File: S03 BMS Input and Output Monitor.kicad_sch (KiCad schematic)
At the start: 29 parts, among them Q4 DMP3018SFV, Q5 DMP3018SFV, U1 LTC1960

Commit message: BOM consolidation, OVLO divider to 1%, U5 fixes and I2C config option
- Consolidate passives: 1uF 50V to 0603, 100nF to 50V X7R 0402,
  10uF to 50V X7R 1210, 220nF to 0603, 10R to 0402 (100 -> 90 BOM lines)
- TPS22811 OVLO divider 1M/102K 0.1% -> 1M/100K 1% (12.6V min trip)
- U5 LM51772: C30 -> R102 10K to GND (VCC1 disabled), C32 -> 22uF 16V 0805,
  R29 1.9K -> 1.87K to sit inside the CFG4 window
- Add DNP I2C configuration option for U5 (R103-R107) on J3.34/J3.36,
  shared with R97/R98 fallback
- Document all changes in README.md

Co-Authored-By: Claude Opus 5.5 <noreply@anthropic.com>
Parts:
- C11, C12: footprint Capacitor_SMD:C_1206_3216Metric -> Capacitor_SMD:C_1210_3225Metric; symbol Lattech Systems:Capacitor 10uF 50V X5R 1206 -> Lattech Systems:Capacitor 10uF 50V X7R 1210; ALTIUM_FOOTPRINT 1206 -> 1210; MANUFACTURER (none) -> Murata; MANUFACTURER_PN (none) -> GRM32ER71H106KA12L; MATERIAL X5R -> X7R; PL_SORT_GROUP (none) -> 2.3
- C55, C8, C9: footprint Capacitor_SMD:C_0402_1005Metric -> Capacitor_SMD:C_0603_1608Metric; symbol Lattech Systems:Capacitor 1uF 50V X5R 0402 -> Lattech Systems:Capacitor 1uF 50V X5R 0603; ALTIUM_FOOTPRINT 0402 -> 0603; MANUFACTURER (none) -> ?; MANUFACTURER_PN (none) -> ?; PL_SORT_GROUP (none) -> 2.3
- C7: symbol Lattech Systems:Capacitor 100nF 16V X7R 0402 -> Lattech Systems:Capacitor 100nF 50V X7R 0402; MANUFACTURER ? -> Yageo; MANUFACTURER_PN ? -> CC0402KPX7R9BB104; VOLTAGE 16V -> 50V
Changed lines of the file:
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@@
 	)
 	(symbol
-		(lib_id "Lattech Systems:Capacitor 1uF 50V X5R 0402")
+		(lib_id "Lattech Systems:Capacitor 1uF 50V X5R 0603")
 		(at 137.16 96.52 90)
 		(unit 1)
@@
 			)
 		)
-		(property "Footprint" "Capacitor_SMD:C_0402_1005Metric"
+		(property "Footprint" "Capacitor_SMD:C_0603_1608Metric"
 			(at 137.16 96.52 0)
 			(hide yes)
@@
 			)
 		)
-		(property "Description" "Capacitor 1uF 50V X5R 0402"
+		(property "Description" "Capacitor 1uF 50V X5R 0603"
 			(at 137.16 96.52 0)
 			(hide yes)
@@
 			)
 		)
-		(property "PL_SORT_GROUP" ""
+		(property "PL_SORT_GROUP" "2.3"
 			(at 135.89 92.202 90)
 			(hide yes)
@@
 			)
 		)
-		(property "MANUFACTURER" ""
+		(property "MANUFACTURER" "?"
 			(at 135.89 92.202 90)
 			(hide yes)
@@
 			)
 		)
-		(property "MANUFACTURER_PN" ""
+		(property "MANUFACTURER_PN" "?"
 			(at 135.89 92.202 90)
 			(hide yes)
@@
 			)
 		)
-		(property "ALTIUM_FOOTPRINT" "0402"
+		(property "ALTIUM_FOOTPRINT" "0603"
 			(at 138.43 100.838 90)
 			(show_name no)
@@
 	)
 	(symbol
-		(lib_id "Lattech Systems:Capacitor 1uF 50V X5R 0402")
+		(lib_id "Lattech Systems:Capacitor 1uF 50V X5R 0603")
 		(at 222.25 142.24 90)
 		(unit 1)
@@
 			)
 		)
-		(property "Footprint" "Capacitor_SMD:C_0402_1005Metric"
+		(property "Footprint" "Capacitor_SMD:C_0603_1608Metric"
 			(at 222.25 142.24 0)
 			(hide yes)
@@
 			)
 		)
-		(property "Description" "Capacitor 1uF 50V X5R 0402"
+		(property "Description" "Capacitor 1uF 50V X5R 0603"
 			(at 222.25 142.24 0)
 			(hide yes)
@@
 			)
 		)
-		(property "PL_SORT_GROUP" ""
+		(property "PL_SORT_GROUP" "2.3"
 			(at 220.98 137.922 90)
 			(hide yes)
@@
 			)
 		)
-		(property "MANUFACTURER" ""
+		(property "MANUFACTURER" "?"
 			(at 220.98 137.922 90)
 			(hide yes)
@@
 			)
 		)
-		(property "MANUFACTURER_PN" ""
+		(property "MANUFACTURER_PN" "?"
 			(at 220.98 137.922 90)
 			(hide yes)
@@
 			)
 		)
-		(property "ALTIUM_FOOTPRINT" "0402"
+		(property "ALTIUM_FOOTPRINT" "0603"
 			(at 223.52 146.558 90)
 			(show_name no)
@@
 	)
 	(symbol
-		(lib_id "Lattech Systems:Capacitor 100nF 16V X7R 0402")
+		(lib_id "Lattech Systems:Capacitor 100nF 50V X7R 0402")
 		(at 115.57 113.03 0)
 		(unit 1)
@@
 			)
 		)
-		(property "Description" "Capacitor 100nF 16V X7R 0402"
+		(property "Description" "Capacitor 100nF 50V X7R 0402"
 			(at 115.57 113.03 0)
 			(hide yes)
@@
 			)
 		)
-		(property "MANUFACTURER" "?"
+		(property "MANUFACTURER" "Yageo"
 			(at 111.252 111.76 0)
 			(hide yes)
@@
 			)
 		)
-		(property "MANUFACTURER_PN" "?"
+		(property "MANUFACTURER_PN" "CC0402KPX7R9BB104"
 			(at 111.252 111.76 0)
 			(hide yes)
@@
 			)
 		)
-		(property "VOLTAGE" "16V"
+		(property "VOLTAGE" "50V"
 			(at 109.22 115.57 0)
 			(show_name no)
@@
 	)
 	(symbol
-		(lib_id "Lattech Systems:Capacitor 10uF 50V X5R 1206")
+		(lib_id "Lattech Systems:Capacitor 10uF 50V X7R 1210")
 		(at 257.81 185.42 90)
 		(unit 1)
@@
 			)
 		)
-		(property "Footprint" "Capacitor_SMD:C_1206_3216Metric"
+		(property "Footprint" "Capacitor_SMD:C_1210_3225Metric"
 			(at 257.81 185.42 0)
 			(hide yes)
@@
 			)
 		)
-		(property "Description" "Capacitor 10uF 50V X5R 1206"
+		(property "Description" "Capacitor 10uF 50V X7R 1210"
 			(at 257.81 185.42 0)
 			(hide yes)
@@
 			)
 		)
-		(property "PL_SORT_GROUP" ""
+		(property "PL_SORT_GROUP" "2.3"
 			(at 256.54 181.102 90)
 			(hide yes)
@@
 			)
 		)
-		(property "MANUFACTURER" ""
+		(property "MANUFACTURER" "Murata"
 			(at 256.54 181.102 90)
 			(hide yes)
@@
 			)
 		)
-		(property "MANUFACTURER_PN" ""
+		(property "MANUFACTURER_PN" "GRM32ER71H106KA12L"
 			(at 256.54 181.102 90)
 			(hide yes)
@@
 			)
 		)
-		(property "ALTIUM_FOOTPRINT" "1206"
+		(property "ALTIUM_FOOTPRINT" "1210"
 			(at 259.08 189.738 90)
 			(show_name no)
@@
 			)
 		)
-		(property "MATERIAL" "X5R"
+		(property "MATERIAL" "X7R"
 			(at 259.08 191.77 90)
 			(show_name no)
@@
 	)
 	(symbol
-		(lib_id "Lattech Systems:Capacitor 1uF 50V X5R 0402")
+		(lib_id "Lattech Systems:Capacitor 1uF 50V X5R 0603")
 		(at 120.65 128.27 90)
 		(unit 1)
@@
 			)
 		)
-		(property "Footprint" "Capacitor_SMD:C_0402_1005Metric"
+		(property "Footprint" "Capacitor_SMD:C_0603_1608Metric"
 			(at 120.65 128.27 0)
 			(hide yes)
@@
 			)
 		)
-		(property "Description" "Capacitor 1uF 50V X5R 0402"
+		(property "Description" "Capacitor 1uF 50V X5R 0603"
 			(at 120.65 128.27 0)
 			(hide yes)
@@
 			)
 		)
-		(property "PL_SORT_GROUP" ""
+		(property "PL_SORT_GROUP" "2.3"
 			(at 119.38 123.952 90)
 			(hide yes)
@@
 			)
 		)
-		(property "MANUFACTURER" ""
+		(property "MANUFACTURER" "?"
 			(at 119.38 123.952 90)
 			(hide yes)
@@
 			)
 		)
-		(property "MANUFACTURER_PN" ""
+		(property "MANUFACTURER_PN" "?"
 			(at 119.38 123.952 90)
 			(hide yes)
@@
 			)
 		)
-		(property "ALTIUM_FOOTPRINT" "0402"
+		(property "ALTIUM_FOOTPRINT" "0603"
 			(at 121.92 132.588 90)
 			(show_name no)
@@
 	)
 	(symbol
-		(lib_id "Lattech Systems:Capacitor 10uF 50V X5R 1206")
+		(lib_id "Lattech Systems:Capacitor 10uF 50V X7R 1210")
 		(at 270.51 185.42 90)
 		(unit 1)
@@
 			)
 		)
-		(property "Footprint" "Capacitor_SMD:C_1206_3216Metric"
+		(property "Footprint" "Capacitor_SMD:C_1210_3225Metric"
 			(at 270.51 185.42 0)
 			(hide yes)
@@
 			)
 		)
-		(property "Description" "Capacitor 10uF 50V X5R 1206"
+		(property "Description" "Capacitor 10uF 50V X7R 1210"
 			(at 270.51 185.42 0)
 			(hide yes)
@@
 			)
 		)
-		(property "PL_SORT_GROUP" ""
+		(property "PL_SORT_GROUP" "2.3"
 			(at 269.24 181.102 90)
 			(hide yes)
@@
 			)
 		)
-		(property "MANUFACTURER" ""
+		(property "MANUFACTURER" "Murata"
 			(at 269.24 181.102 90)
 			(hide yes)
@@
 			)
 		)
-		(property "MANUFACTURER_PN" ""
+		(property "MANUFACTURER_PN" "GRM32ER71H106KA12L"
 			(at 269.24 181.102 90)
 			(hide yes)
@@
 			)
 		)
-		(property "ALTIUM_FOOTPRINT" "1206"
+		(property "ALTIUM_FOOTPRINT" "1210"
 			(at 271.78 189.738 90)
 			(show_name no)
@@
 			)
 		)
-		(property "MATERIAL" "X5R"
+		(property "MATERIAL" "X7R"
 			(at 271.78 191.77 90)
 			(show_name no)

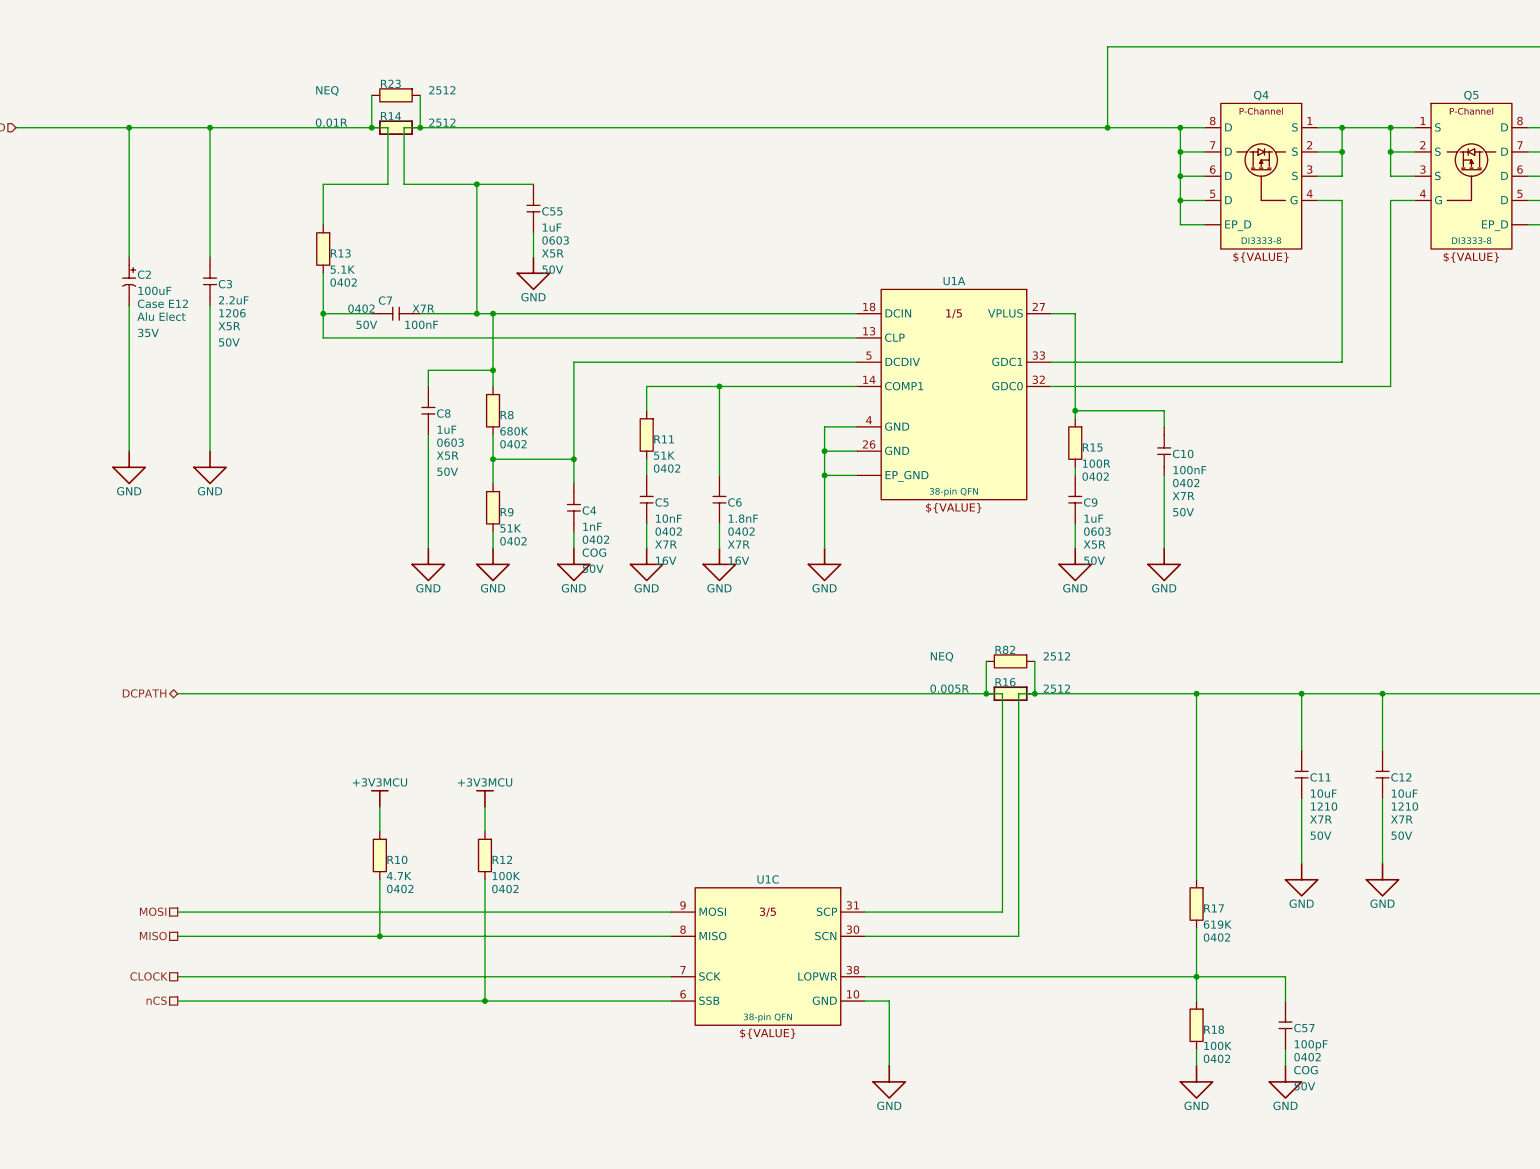
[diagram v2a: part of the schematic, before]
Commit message: Final-revision value changes and standard R/C symbols
Values (schematic and PCB):
- C2 100uF -> 82uF, matching the ordered 35SVPF82M
- C46, C47, C51 (TPS22811 DVDT) 4.7nF -> 1.8nF CC0402KRX7R9BB182 for a
  shorter output ramp
- R24-R27 10R -> 0R; D9, D10 and R36 DNP
- R14 0.01R -> 0.012R PA2512FKF7W0R012E

Symbols:
- All 160 resistors and capacitors now use Device:R, Device:C and
  Device:C_Polarized; the 76 per-value R/C symbols are removed from the
  project library. Connectivity is unchanged (netlist compared).
- Value is now the displayed field instead of ALTIUM_VALUE, which had left
  R1, C39 and R54 showing their old values. ALTIUM_VALUE synced with Value
  on R1, C39, R54, D1, Q1, Q3 and L1.
- Net-(C40-+) is now Net-(U5-ISNSP); renamed on the PCB and in the
  PWR 15A net class pattern.

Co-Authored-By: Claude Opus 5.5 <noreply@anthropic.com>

TASK REQUIREMENTS: Scan the material above for the word "lines". Copy each line where it occurs.

EXERCISE ANSWER:
  10uF to 50V X7R 1210, 220nF to 0603, 10R to 0402 (100 -> 90 BOM lines)
Changed lines of the file:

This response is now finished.